A Cannes, dans le sud de la France, où se tient jusqu’à dimanche le 70ème Festival international de cinéma, il y a une compétition pour la Palme d’or, des stars, des paillettes. Et puis quelques films qui parlent de la réalité africaine, dans les sections parallèles. C’est le cas du documentaire « Makala », du Français Emmanuel Gras, tourné en République démocratique du Congo et projeté ce mercredi à la Semaine de la critique.
Avec notre envoyée spéciale à Cannes, Sophie Torlotin
Makala signifie « charbon » en swahili. Ce charbon que s’échine à fabriquer un petit paysan du Katanga, Kabwita Kasongo. Emmanuel Gras le filme abattre un arbre à la hache, puis le débiter et construire un four afin de consumer le bois. Il place ensuite le combustible dans de lourds sacs attachés à un vélo. Puis il pousse l’attelage sur une cinquantaine de kilomètres pour vendre sa marchandise à la ville, Kolwezi.

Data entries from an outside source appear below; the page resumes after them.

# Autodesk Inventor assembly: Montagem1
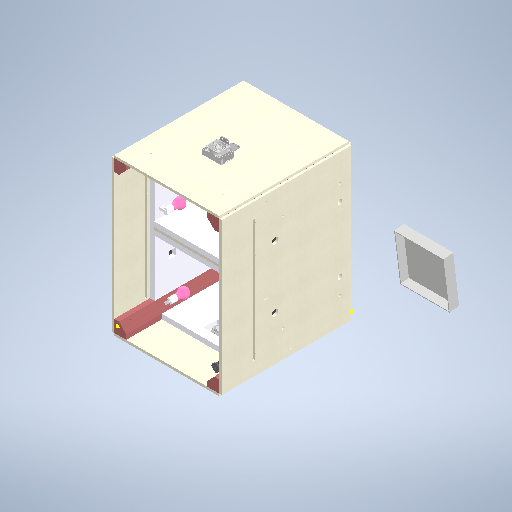
[picture p0: Inventor's stored thumbnail of the model, 512x512]
Saved by Autodesk Inventor 2025.1 (Build 291241000, 241)
## iProperties
Created: 2024-11-05
Part Number: Montagem1
Document SubType Name: Assembly
Designer: pedro
Author: pedro
## Documents named in this file (9)
- C:\Users\pedro\Documents\1-CoisasSerias\UTFPR\2024-2\Oficina\Estrutura\Montagem1.iam
- C:\Users\pedro\Documents\1-CoisasSerias\UTFPR\2024-2\Oficina\Estrutura\estrutura2.ipt
- C:\Users\pedro\Documents\1-CoisasSerias\UTFPR\2024-2\Oficina\Estrutura\Pecas Prontas\Fan\Generic 7015 axial fan simplified\Generic 7015 axial fan simplified\cooler 40x40.ipt
- C:\Users\pedro\Documents\1-CoisasSerias\UTFPR\2024-2\Oficina\Estrutura\Pecas Prontas\Let light\Soquete\Soquete para lâmpada E27 MT-2302 - DECORLUX\Soquete para lâmpada E27 MT-2302 - DECORLUX\Soquete para lâmpad.iam
- C:\Users\pedro\Documents\1-CoisasSerias\UTFPR\2024-2\Oficina\Estrutura\step mother.iam
- C:\Users\pedro\Documents\1-CoisasSerias\UTFPR\2024-2\Oficina\Estrutura\Pecas Prontas\peltier\75W Peltier Air Cooler Kit 12V (TEC1-12706) - WiMas\75W Peltier Air Cooler Kit 12V (TEC1-12706) - WiMas\75W Peltier A.iam
- C:\Users\pedro\Documents\1-CoisasSerias\UTFPR\2024-2\Oficina\Estrutura\Pecas Prontas\peltier\step\L Bracket\L Bracket\L Bracket.ipt
- C:\Users\pedro\Documents\1-CoisasSerias\UTFPR\2024-2\Oficina\Estrutura\Pecas Prontas\reservatorio.ipt
- C:\Users\pedro\Documents\1-CoisasSerias\UTFPR\2024-2\Oficina\Estrutura\Pecas Prontas\vaso.ipt
## Components (20 placed, 8 different names)
1. estrutura2:1 — Alinhado:1, Ângulo:1, Alinhado:2, Alinhado:3, Coincidente:1, Ângulo:2, Coincidente:2, Ângulo:3, Coincidente:12, Coincidente:13, Coincidente:14, Coincidente:15, Coincidente:18, Coincidente:19, Coincidente:20, Coincidente:21, Coincidente:22, Coincidente:23, Coincidente:24, Coincidente:26, Coincidente:27, Coincidente:28, Coincidente:29, Coincidente:31, Coincidente:32, Coincidente:33, Coincidente:34, Coincidente:35
2. cooler 40x40:1 — Alinhado:1, Ângulo:1, Alinhado:2, Alinhado:3
3. cooler 40x40:2
4. cooler 40x40:3
5. cooler 40x40:4
6. Soquete para lâmpad:2 [sub-assembly]
7. Soquete para lâmpad:3 [sub-assembly]
8. Soquete para lâmpad:4 [sub-assembly]
9. Soquete para lâmpad:8 [sub-assembly] — Coincidente:12, Coincidente:13
10. Soquete para lâmpad:9 [sub-assembly] — Coincidente:14, Coincidente:15
11. Soquete para lâmpad:10 [sub-assembly]
12. step mother:1 [sub-assembly] — Coincidente:18, Coincidente:19, Coincidente:20, Coincidente:21, Coincidente:22
13. step mother:3 [sub-assembly] — Coincidente:23, Coincidente:24
14. 75W Peltier A:1 [sub-assembly] — Coincidente:26, Coincidente:27
15. 75W Peltier A:2 [sub-assembly] — Coincidente:28, Coincidente:29, Coincidente:30
16. L Bracket:1 — Coincidente:30, Coincidente:31
17. L Bracket:2 — Coincidente:32
18. reservatorio:1
19. vaso:1 — Coincidente:33, Coincidente:34, Coincidente:35
20. vaso:2
## Relationships (29: Mate 23, Flush 3, Angle 3)
- Alinhado:1 [Flush] (15 mm): estrutura2:1 ↔ cooler 40x40:1
- Ângulo:1 [Angle] (0 deg): estrutura2:1 ↔ cooler 40x40:1
- Alinhado:2 [Flush] (270 mm): estrutura2:1 ↔ cooler 40x40:1
- Alinhado:3 [Flush] (310 mm): estrutura2:1 ↔ cooler 40x40:1
- Coincidente:1 [Mate]: estrutura2:1
- Ângulo:2 [Angle] (0 deg): estrutura2:1
- Coincidente:2 [Mate]: estrutura2:1
- Ângulo:3 [Angle] (0 deg): estrutura2:1
- Coincidente:12 [Mate]: estrutura2:1 ↔ Soquete para lâmpad:8
- Coincidente:13 [Mate]: estrutura2:1 ↔ Soquete para lâmpad:8
- Coincidente:14 [Mate]: estrutura2:1 ↔ Soquete para lâmpad:9
- Coincidente:15 [Mate]: estrutura2:1 ↔ Soquete para lâmpad:9
- Coincidente:18 [Mate]: estrutura2:1 ↔ step mother:1
- Coincidente:19 [Mate]: estrutura2:1 ↔ step mother:1
- Coincidente:20 [Mate]: estrutura2:1 ↔ step mother:1
- Coincidente:21 [Mate]: estrutura2:1 ↔ step mother:1
- Coincidente:22 [Mate]: estrutura2:1 ↔ step mother:1
- Coincidente:23 [Mate]: estrutura2:1 ↔ step mother:3
- Coincidente:24 [Mate]: estrutura2:1 ↔ step mother:3
- Coincidente:26 [Mate]: estrutura2:1 ↔ 75W Peltier A:1
- Coincidente:27 [Mate]: estrutura2:1 ↔ 75W Peltier A:1
- Coincidente:28 [Mate]: estrutura2:1 ↔ 75W Peltier A:2
- Coincidente:29 [Mate]: estrutura2:1 ↔ 75W Peltier A:2
- Coincidente:30 [Mate]: 75W Peltier A:2 ↔ L Bracket:1
- Coincidente:31 [Mate]: estrutura2:1 ↔ L Bracket:1
- Coincidente:32 [Mate]: estrutura2:1 ↔ L Bracket:2
- Coincidente:33 [Mate]: estrutura2:1 ↔ vaso:1
- Coincidente:34 [Mate] (192.5 mm): estrutura2:1 ↔ vaso:1
- Coincidente:35 [Mate] (97.5 mm): estrutura2:1 ↔ vaso:1
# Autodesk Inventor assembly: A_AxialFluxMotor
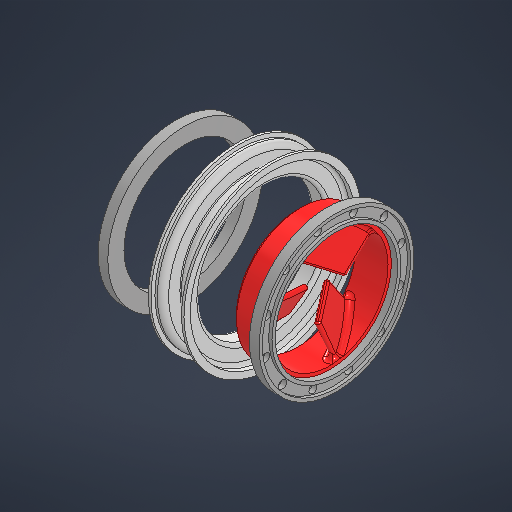
[picture p0: Inventor's stored thumbnail of the model, 512x512]
Saved by Autodesk Inventor 2026 (Build 300175000, 175)
## iProperties
Created: 2025-05-06
Part Number: A_AxialFluxMotor
Document SubType Name: Assembly
Designer: FAL
Author: FAL
## Documents named in this file (4)
- C:\Users\FAL\Desktop\git\AxialFluxMotor\A_AxialFluxMotor.iam
- C:\Users\FAL\Desktop\git\AxialFluxMotor\p_stratorCase.ipt
- C:\Users\FAL\Desktop\git\AxialFluxMotor\P_Rotor_A.ipt
- C:\Users\FAL\Desktop\git\AxialFluxMotor\P_magnetCase.ipt
## Components (4 placed, 3 different names)
1. p_stratorCase:1 — Passend:1, Passend:2, Fluchtend:1, Passend:3, Passend:4
2. P_Rotor_A:1 — Passend:3, Passend:5, Passend:6
3. P_magnetCase:1 — Passend:4, Passend:5
4. P_magnetCase:2 — Passend:6
## Relationships (7: Mate 6, Flush 1)
- Passend:1 [Mate]: p_stratorCase:1
- Passend:2 [Mate]: p_stratorCase:1
- Fluchtend:1 [Flush]: p_stratorCase:1
- Passend:3 [Mate]: p_stratorCase:1 ↔ P_Rotor_A:1
- Passend:4 [Mate]: p_stratorCase:1 ↔ P_magnetCase:1
- Passend:5 [Mate]: P_Rotor_A:1 ↔ P_magnetCase:1
- Passend:6 [Mate]: P_Rotor_A:1 ↔ P_magnetCase:2

A 28 ans, ce père de trois enfants espère ainsi récolter suffisamment d’argent pour offrir un avenir meilleur à sa famille. En voyant Kabwita Kasongo à l’effort, on pense aux mythes antiques, comme celui de Sisyphe dans la mythologie grecque, condamné à pousser éternellement jusqu’en haut d’une colline un rocher qui en redescendait une fois au sommet.
« Né d’une image »
« Le film est né vraiment d’une image. C’est-à-dire que j’ai vu des gens pousser ces vélos-là et j’ai trouvé ça visuellement quelque chose de puissant, explique le réalisateur Emmanuel Gras. Et j’ai eu envie de creuser derrière cette image-là, quelle était la vie de quelqu’un qui faisait ça ? Un mythe, c’est bien souvent en fait une idée : Sisyphe, celui qui pousse éternellement son chargement. Là c’est ça. Tout s’incarne en fait par une image, et résume une forme de condition humaine ».
Emmanuel Gras a terminé le film quelques jours avant sa présentation cannoise. Il compte bien retourner au Katanga au plus tard dans un an pour montrer Makala à Kabwita Kasongo et son village.